# Test: Bank Marketing Dataset
Testing if this real-world dataset produces good stacking gains

## How to get the dataset:
1. Download from: https://archive.ics.uci.edu/ml/datasets/bank+marketing
2. This script will download and extract automatically


In [1]:
# Download and extract from UCI
library(caret)
library(dplyr)
set.seed(42)

cat("Downloading Bank Marketing dataset...\n")
url <- "https://archive.ics.uci.edu/ml/machine-learning-databases/00222/bank-additional.zip"
temp_zip <- tempfile(fileext = ".zip")
download.file(url, temp_zip, mode = "wb")
unzip(temp_zip, exdir = tempdir())
bank <- read.csv(file.path(tempdir(), "bank-additional/bank-additional-full.csv"), sep=";")

cat("Dataset Info:\n")
cat("Dimensions:", nrow(bank), "x", ncol(bank), "\n")
cat("Target variable (y): yes/no subscription\n")
cat("Classes:\n")
print(table(bank$y))
cat("\nProportions:", round(prop.table(table(bank$y)) * 100, 1), "%\n")

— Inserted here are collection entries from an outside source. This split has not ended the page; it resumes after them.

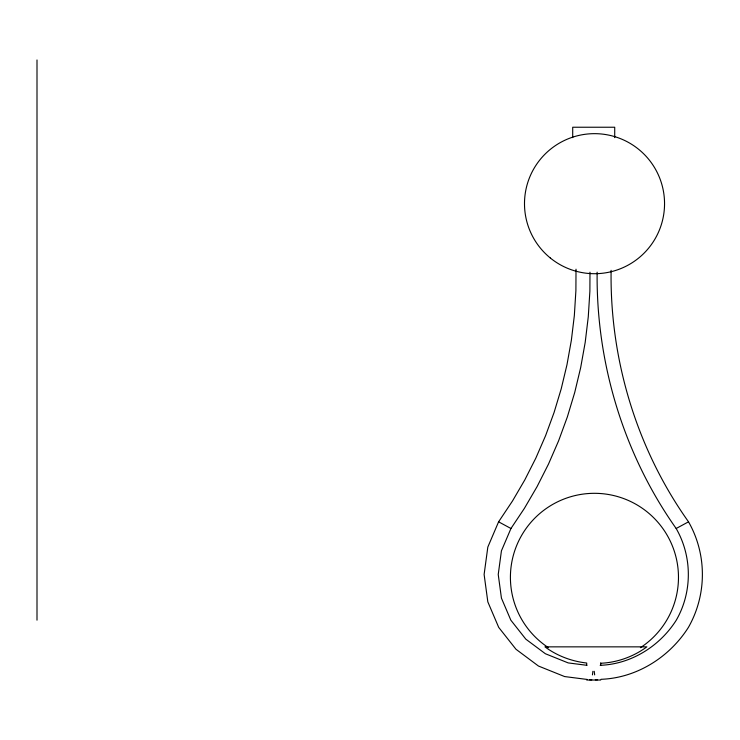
<?xml version="1.0" encoding="UTF-8"?>
<svg xmlns="http://www.w3.org/2000/svg" width="740" height="740" viewBox="0 0 740 740"><rect width="100%" height="100%" fill="white"/><g stroke="black" fill="none" stroke-linecap="round" stroke-linejoin="round"><path stroke-width="1.11" d="M576.016 269.193L575.896 290.709L574.342 315.573L571.363 340.271L566.979 364.718L561.216 388.824L554.075 412.495L545.602 435.629L535.825 458.143L524.78 479.946L512.515 500.962L498.594 521.82L487.827 547.073L484.117 574.471L487.827 601.87L498.704 627.381L515.984 649.267L538.47 666.037L564.62 676.563L587.255 679.459M589.984 272.181L589.882 291.19L588.272 316.84L585.201 342.343L580.678 367.586L574.721 392.478L567.349 416.925L558.598 440.827L548.488 464.091L537.064 486.643L524.383 508.38L510.952 528.499L501.433 550.819L498.233 574.471L501.433 598.124L510.841 620.185L525.816 639.157L545.371 653.735L568.181 662.91L586.94 665.316M591.815 679.801L589.521 679.745M592.444 674.889L592.897 671.3M600.177 665.316C631.183 664.187 659.821 646.177 676.277 620.185C692.427 592.074 692.307 556.591 676.166 528.499L688.524 521.82C636.733 449.069 609.741 359.501 611.111 270.331M597.596 679.745L595.302 679.801M600.991 679.311C636.631 678.025 669.506 657.25 688.413 627.381C706.959 594.803 707.079 554.427 688.524 521.82M600.501 663.262C617.132 662.596 633.459 656.713 646.852 646.852L544.955 646.852C557.109 655.871 571.687 661.347 586.7 663.022L586.709 665.251M586.709 680.032L600.713 680.032M498.594 521.82L510.952 528.499M676.166 528.499C623.635 454.221 596.107 363.035 597.134 272.181M594.211 671.3L594.673 674.889M614.718 137.631L614.718 127.234L572.705 127.234L572.705 137.631M600.713 662.975L600.713 665.251M37 59.968L37 620.157M548.507 647.704A84.027 84.027 0 0 1 531.07 522.163A84.027 84.027 0 0 1 657.814 522.163A84.027 84.027 0 0 1 640.387 647.704M550.329 258.001A70.023 70.023 0 0 0 663.66 214.794A70.023 70.023 0 0 0 569.578 138.251A70.023 70.023 0 0 0 550.329 258.001"/></g></svg>
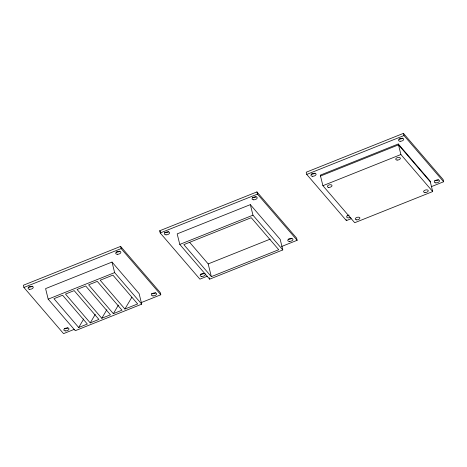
<?xml version="1.0" encoding="UTF-8"?>
<svg xmlns="http://www.w3.org/2000/svg" width="467" height="467" viewBox="0 0 467 467"><rect width="100%" height="100%" fill="white"/><g stroke="black" fill="none" stroke-linecap="round" stroke-linejoin="round"><path stroke-width="0.7" d="M78.684 327.501L87.347 324.04L62.607 295.232L53.944 298.693L78.684 327.501L83.727 318.955M90.236 322.884L98.905 319.422L74.16 290.614L65.497 294.076L90.236 322.884L95.28 314.338M101.794 318.266L110.457 314.805L85.718 285.997L77.049 289.458L101.794 318.266L106.838 309.72M113.347 313.649L122.01 310.187L97.27 281.379L88.607 284.847L113.347 313.649L118.39 305.103M124.899 309.031L137.66 303.935L112.915 275.127L100.16 280.229L124.899 309.031L131.852 297.257M141.221 302.598L160.806 294.77L160.263 292.575L120.597 246.395L23.35 285.255L23.893 287.45L63.559 333.631L74.364 329.317M207.319 276.184L199.894 279.149L160.228 232.969L159.685 230.774L256.932 191.914L296.598 238.094L297.14 240.289L281.607 246.5M431.496 186.602L443.65 181.745L443.107 179.55L403.441 133.369L306.194 172.23L306.737 174.424L346.403 220.605L351.131 218.714M23.893 287.45L121.14 248.59L160.806 294.77M160.228 232.969L257.475 194.109L297.14 240.289M306.737 174.424L403.984 135.564L443.65 181.745M398.287 143.982L320.292 175.148L322.901 185.691L354.71 222.724L432.705 191.558L430.095 181.021L398.287 143.982L400.896 154.524L432.705 191.558M320.514 176.03L398.503 144.863L430.311 181.897M250.347 204.634L177.174 233.879L179.783 244.416L209.625 279.167L282.804 249.927L280.194 239.384L250.347 204.634L252.956 215.176L282.804 249.927M112.022 262.063L45.585 288.612L48.189 299.149L75.286 330.7L141.723 304.151L139.113 293.615L112.022 262.063L114.625 272.605L141.723 304.151M322.901 185.691L400.896 154.524M179.783 244.416L252.956 215.176M48.189 299.149L114.625 272.605M189.701 242.385L208.183 263.908L270.195 239.127M211.335 276.639L278.735 249.705L251.246 217.704L183.846 244.632L211.335 276.639L208.183 263.908M159.685 230.774L160.63 231.877M403.441 133.369L403.984 135.564M346.129 219.508L346.403 220.605M256.932 191.914L257.475 194.109M209.28 277.76L209.625 279.167M120.597 246.395L121.14 248.59M155.54 292.721A2.656 1.389 -13.9 0 1 151.413 293.439M119.803 251.112A2.656 1.389 -13.9 0 1 116.155 252.011M67.919 327.735A2.656 1.389 -13.9 0 1 64.271 328.634M32.182 286.125A2.656 1.389 -13.9 0 1 28.534 287.024M291.875 238.24A2.656 1.389 -13.9 0 1 288.227 239.139M256.138 196.636A2.656 1.389 -13.9 0 1 252.489 197.529M203.77 273.604A2.656 1.389 -13.9 0 1 200.606 274.152M168.517 231.65A2.656 1.389 -13.9 0 1 164.39 232.362M438.385 179.696A2.656 1.389 -13.9 0 1 434.736 180.589M402.647 138.086A2.656 1.389 -13.9 0 1 398.999 138.985M349.036 215.55A2.656 1.389 -13.9 0 1 347.115 215.602M315.027 173.099A2.656 1.389 -13.9 0 1 311.378 173.998M350.822 217.248A2.656 1.389 -13.9 0 1 346.847 217.359A2.656 1.389 -13.9 0 1 348.925 215.042M29.666 289.301A2.656 1.389 -13.9 0 0 33.25 287.182A2.656 1.389 -13.9 0 0 29.1 286.96A2.656 1.389 -13.9 0 0 29.666 289.301M117.281 254.287A2.656 1.389 -13.9 0 0 120.871 252.168A2.656 1.389 -13.9 0 0 116.721 251.947A2.656 1.389 -13.9 0 0 117.281 254.287M153.018 295.897A2.656 1.389 -13.9 0 0 156.608 293.778A2.656 1.389 -13.9 0 0 152.458 293.556A2.656 1.389 -13.9 0 0 153.018 295.897M65.398 330.91A2.656 1.389 -13.9 0 0 68.988 328.791A2.656 1.389 -13.9 0 0 64.837 328.57A2.656 1.389 -13.9 0 0 65.398 330.91M165.995 234.825A2.656 1.389 -13.9 0 0 169.585 232.7A2.656 1.389 -13.9 0 0 165.435 232.478A2.656 1.389 -13.9 0 0 165.995 234.825M253.616 199.806A2.656 1.389 -13.9 0 0 257.206 197.687A2.656 1.389 -13.9 0 0 253.056 197.465A2.656 1.389 -13.9 0 0 253.616 199.806M289.353 241.416A2.656 1.389 -13.9 0 0 292.943 239.297A2.656 1.389 -13.9 0 0 288.793 239.075A2.656 1.389 -13.9 0 0 289.353 241.416M201.732 276.429A2.656 1.389 -13.9 0 0 205.322 274.31A2.656 1.389 -13.9 0 0 201.172 274.088A2.656 1.389 -13.9 0 0 201.732 276.429M312.511 176.275A2.656 1.389 -13.9 0 0 316.095 174.156A2.656 1.389 -13.9 0 0 311.944 173.934A2.656 1.389 -13.9 0 0 312.511 176.275M400.126 141.262A2.656 1.389 -13.9 0 0 403.716 139.143A2.656 1.389 -13.9 0 0 399.565 138.921A2.656 1.389 -13.9 0 0 400.126 141.262M435.863 182.871A2.656 1.389 -13.9 0 0 439.453 180.747A2.656 1.389 -13.9 0 0 435.302 180.525A2.656 1.389 -13.9 0 0 435.863 182.871M328.774 187.39A2.388 1.255 -13.9 0 0 332.002 185.481A2.388 1.255 -13.9 0 0 328.266 185.282A2.388 1.255 -13.9 0 0 328.774 187.39M356.654 219.852A2.388 1.255 -13.9 0 0 359.882 217.943A2.388 1.255 -13.9 0 0 356.146 217.745A2.388 1.255 -13.9 0 0 356.654 219.852M425.017 192.538A2.388 1.255 -13.9 0 0 428.245 190.629A2.388 1.255 -13.9 0 0 424.509 190.425A2.388 1.255 -13.9 0 0 425.017 192.538M397.137 160.07A2.388 1.255 -13.9 0 0 400.365 158.161A2.388 1.255 -13.9 0 0 396.629 157.963A2.388 1.255 -13.9 0 0 397.137 160.07"/></g></svg>
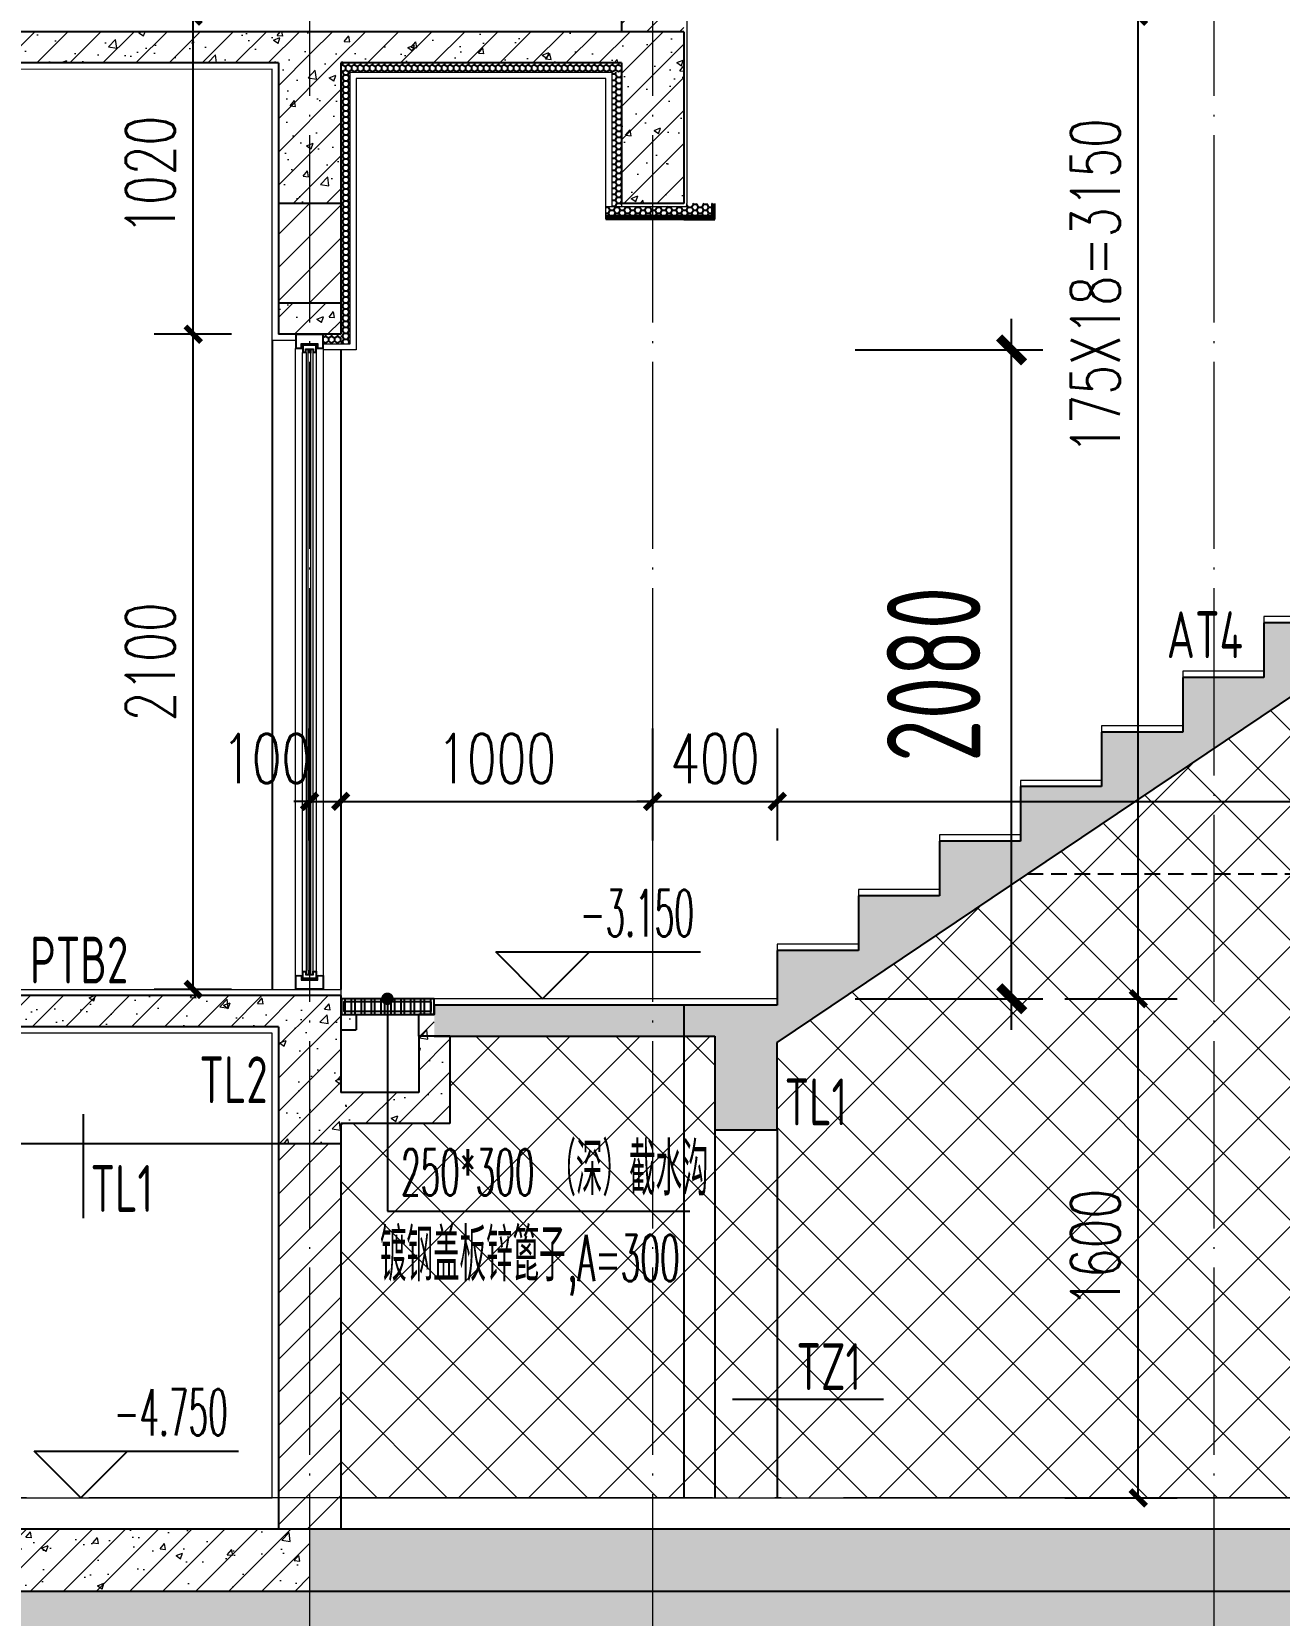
# Model space of a CAD drawing. Extents: x -1712635 to -854203, y -534641 to -21985.
# Drawn here: x -1004824 to -1000823, y -87352 to -82275 of the extents above; entities that cross this region are included whole.
import ezdxf

# ---------------------------------------------------------------- set-up
doc = ezdxf.new("R2010")
doc.units = 0
doc.header["$LTSCALE"] = 1000
doc.linetypes.add('DOTE', pattern=[2.42, 2, -0.2, 0.02, -0.2])
doc.linetypes.add('HIDDEN', pattern=[0.375, 0.25, -0.125])
doc.layers.get('0').update_dxf_attribs({"linetype": 'CONTINUOUS'})
doc.layers.get('Defpoints').update_dxf_attribs({"linetype": 'CONTINUOUS'})
for name, color, linetype in [('COLUMN', 4, 'CONTINUOUS'), ('DIM', 2, 'CONTINUOUS'), ('DIM_ELEV', 3, 'CONTINUOUS'), ('DIM_LEAD', 3, 'CONTINUOUS'), ('PUB_TEXT', 2, 'CONTINUOUS'), ('S-砼墙填充', 251, 'CONTINUOUS'), ('TEXT', 2, 'CONTINUOUS'), ('WALL', 2, 'CONTINUOUS'), ('地库集水坑', 128, 'CONTINUOUS'), ('审核', 1, 'CONTINUOUS'), ('尺寸标注', 86, 'CONTINUOUS'), ('看线', 251, 'CONTINUOUS'), ('立面-看线', 251, 'CONTINUOUS')]:
    doc.layers.add(name, color=color, linetype=linetype)
for name, color, linetype, lineweight in [('DOTE', 19, 'DOTE', 9), ('PUB_HATCH', 8, 'CONTINUOUS', 9), ('S_WINDOW', 144, 'CONTINUOUS', 15), ('内粉刷', 37, 'CONTINUOUS', 9), ('填充', 251, 'CONTINUOUS', 5), ('立面-中轮廓线', 30, 'CONTINUOUS', 35), ('细细', 250, 'CONTINUOUS', 0)]:
    doc.layers.add(name, color=color, linetype=linetype, lineweight=lineweight)
doc.styles.add('_TCH_DIM', font='SIMPLEX.shx', dxfattribs={"width": 0.7, "bigfont": 'GBCBIG.shx'})
doc.styles.add('_TCH_DIM_T3', font='SIMPLEX', dxfattribs={"width": 0.705882, "bigfont": 'GBCBIG'})
doc.styles.add('TSSD_DIMENSION', font='Tssdeng.shx', dxfattribs={"width": 0.7, "bigfont": 'tssdchn.shx'})
doc.styles.add('TSSD_REIN', font='tssdeng.shx', dxfattribs={"width": 0.7, "height": 300, "bigfont": 'tssdchn.shx'})
doc.dimstyles.new('_TCH_ARCH&&50', dxfattribs={"dimtxt": 157.5, "dimasz": 50, "dimexe": 125, "dimexo": 150, "dimgap": 58.75, "dimtad": 1, "dimdec": 0, "dimzin": 0, "dimdsep": 46, "dimtxsty": '_TCH_DIM_T3', "dimblk": 'ARCHTICK', "dimcen": 0.09, "dimclrt": 7, "dimazin": 0, "dimtfac": 1, "dimtdec": 0, "dimtix": 1, "dimtmove": 2, "dimatfit": 3, "dimldrblk": 'ARCHTICK', "dimfxl": 0, "dimtolj": 1, "dimtzin": 0, "dimarcsym": 0})
doc.dimstyles.new('TSSD_100_100$0', dxfattribs={"dimtxt": 300, "dimasz": 80, "dimexe": 100, "dimexo": 250, "dimgap": 100, "dimtad": 1, "dimdec": 0, "dimzin": 0, "dimdsep": 46, "dimtxsty": 'TSSD_DIMENSION', "dimblk": 'ARCHTICK', "dimcen": 0, "dimdle": 100, "dimclrd": 3, "dimclre": 3, "dimclrt": 7, "dimadec": 0, "dimazin": 0, "dimtfac": 1, "dimtdec": 0, "dimtix": 1, "dimtmove": 2, "dimatfit": 3, "dimldrblk": 'ARCHTICK', "dimfxl": 0, "dimtolj": 1, "dimtzin": 0, "dimarcsym": 0})
pattern_1 = [(315, (-2008397.3109, -612759.0438), (-1.767766953, -1.767766953), []), (315, (-2008396.1323, -612759.0438), (-1.767766953, -1.767766953), [])]
pattern_2 = [(315, (-2008397.3109, -614897.2807), (-1.767766953, -1.767766953), []), (315, (-2008396.1323, -614897.2807), (-1.767766953, -1.767766953), [])]
pattern_3 = [(45, (-1417220.55, -45916.55), (-53.033009, 53.033009), []), (50, (-1417220.55, -45916.55), (215.178055, -18.82564), [22.5, -247.5]), (355, (-1417220.55, -45916.55), (-41.6254, 225.65764), [18, -198]), (100.4514, (-1417202.62, -45918.12), (173.55281, 206.83186), [19.12206, -210.34263]), (46.1842, (-1417220.55, -45856.55), (320.17231, -49.6557), [33.75, -371.25]), (96.6356, (-1417193.87, -45860.7), (280.39881, 292.23536), [28.68309, -315.5139]), (351.1842, (-1417220.55, -45856.55), (280.39858, 292.23558), [27, -297]), (21, (-1417190.55, -45871.55), (179.072116, -120.78567), [22.5, -247.5]), (326, (-1417190.55, -45871.55), (72.9946, 217.54501), [18, -198]), (71.4514, (-1417175.63, -45881.61), (252.06679, 96.75915), [19.12206, -210.34263]), (37.5, (-1417220.55, -45916.55), (3.647957, 99.868156), [0, -195.6, 0, -201, 0, -198.75]), (7.5, (-1417220.55, -45916.55), (78.92086, 118.323514), [0, -114.6, 0, -191.1, 0, -75.75]), (327.5, (-1417287.45, -45916.55), (160.146731, -6.766462), [0, -75, 0, -234, 0, -310.5]), (317.5, (-1417317.45, -45916.55), (174.95585, 30.031495), [0, -97.5, 0, -155.4, 0, -220.5])]
pattern_4 = [(45, (-1417220.55, -45862.695), (-53.03303, 53.03303), [])]

# ---------------------------------------------------------------- blocks, each defined once
blk = doc.blocks.new('_ArchTick')
at = {"color": 0, "const_width": 0.35}
blk.add_lwpolyline([(-0.5, -0.5), (0.5, 0.5)], dxfattribs=at)
blk = doc.blocks.new('*D1335')
at = {"layer": 'Defpoints', "color": 0}
for p in [(-1002432.9, -84359.1), (-998012.9, -84359.1), (-998012.9, -84742.7)]:
    blk.add_point(p, dxfattribs=at)
at = {"layer": '尺寸标注', "color": 0, "lineweight": -2}
for p, q in [((-1002432.9, -84509.1), (-1002432.9, -84867.7)), ((-998012.9, -84509.1), (-998012.9, -84867.7)), ((-1002432.9, -84742.7), (-998012.9, -84742.7))]:
    blk.add_line(p, q, dxfattribs=at)
at = {"layer": '尺寸标注', "color": 0, "lineweight": -2, "xscale": 50, "yscale": 50, "zscale": 50, "rotation": 180}
blk.add_blockref('_ArchTick', (-1002432.9, -84742.7), dxfattribs=at)
at = {"layer": '尺寸标注', "color": 0, "lineweight": -2, "xscale": 50, "yscale": 50, "zscale": 50}
blk.add_blockref('_ArchTick', (-998012.9, -84742.7), dxfattribs=at)
at = {"layer": '尺寸标注', "color": 7, "insert": (-1000222.9, -84605.2), "char_height": 157.5, "attachment_point": 5, "style": '_TCH_DIM_T3'}
blk.add_mtext('\\A1;260X17=4420', dxfattribs=at)
blk = doc.blocks.new('*D1336')
at = {"layer": 'Defpoints', "color": 0}
for p in [(-1002832.9, -84359.1), (-1002432.9, -84359.1), (-1002432.9, -84742.7)]:
    blk.add_point(p, dxfattribs=at)
at = {"layer": '尺寸标注', "color": 0, "lineweight": -2}
for p, q in [((-1002832.9, -84509.1), (-1002832.9, -84867.7)), ((-1002432.9, -84509.1), (-1002432.9, -84867.7)), ((-1002832.9, -84742.7), (-1002882.9, -84742.7)), ((-1002832.9, -84742.7), (-1002432.9, -84742.7)), ((-1002432.9, -84742.7), (-1002382.9, -84742.7))]:
    blk.add_line(p, q, dxfattribs=at)
at = {"layer": '尺寸标注', "color": 0, "lineweight": -2, "xscale": 50, "yscale": 50, "zscale": 50}
blk.add_blockref('_ArchTick', (-1002832.9, -84742.7), dxfattribs=at)
at = {"layer": '尺寸标注', "color": 0, "lineweight": -2, "xscale": 50, "yscale": 50, "zscale": 50, "rotation": 180}
blk.add_blockref('_ArchTick', (-1002432.9, -84742.7), dxfattribs=at)
at = {"layer": '尺寸标注', "color": 7, "insert": (-1002632.9, -84605.2), "char_height": 157.5, "attachment_point": 5, "style": '_TCH_DIM_T3'}
blk.add_mtext('\\A1;400', dxfattribs=at)
blk = doc.blocks.new('*D1337')
at = {"layer": 'Defpoints', "color": 0}
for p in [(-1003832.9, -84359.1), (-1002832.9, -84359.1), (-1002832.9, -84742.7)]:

Loading required package: ggplot2



Loading required package: lattice




Attaching package: 'dplyr'




The following objects are masked from 'package:stats':

    filter, lag




The following objects are masked from 'package:base':

    intersect, setdiff, setequal, union




Downloading Bank Marketing dataset...


Dataset Info:


Dimensions: 41188 x 21 


Target variable (y): yes/no subscription


Classes:



   no   yes 
36548  4640 



Proportions: 88.7 11.3 %


In [2]:
# Preprocessing
bank <- bank %>% 
  select(-duration) %>%  # Remove duration (leaks target info for prediction)
  rename(target = y)     # Rename target column

# Convert target to factor
bank$target <- as.factor(bank$target)

cat("Features after selection:", ncol(bank)-1, "\n\n")

# Identify numeric and categorical columns
numeric_cols <- names(bank)[sapply(bank, is.numeric)]
cat_cols <- names(bank)[sapply(bank, is.factor) | sapply(bank, is.character)]
cat_cols <- cat_cols[cat_cols != "target"]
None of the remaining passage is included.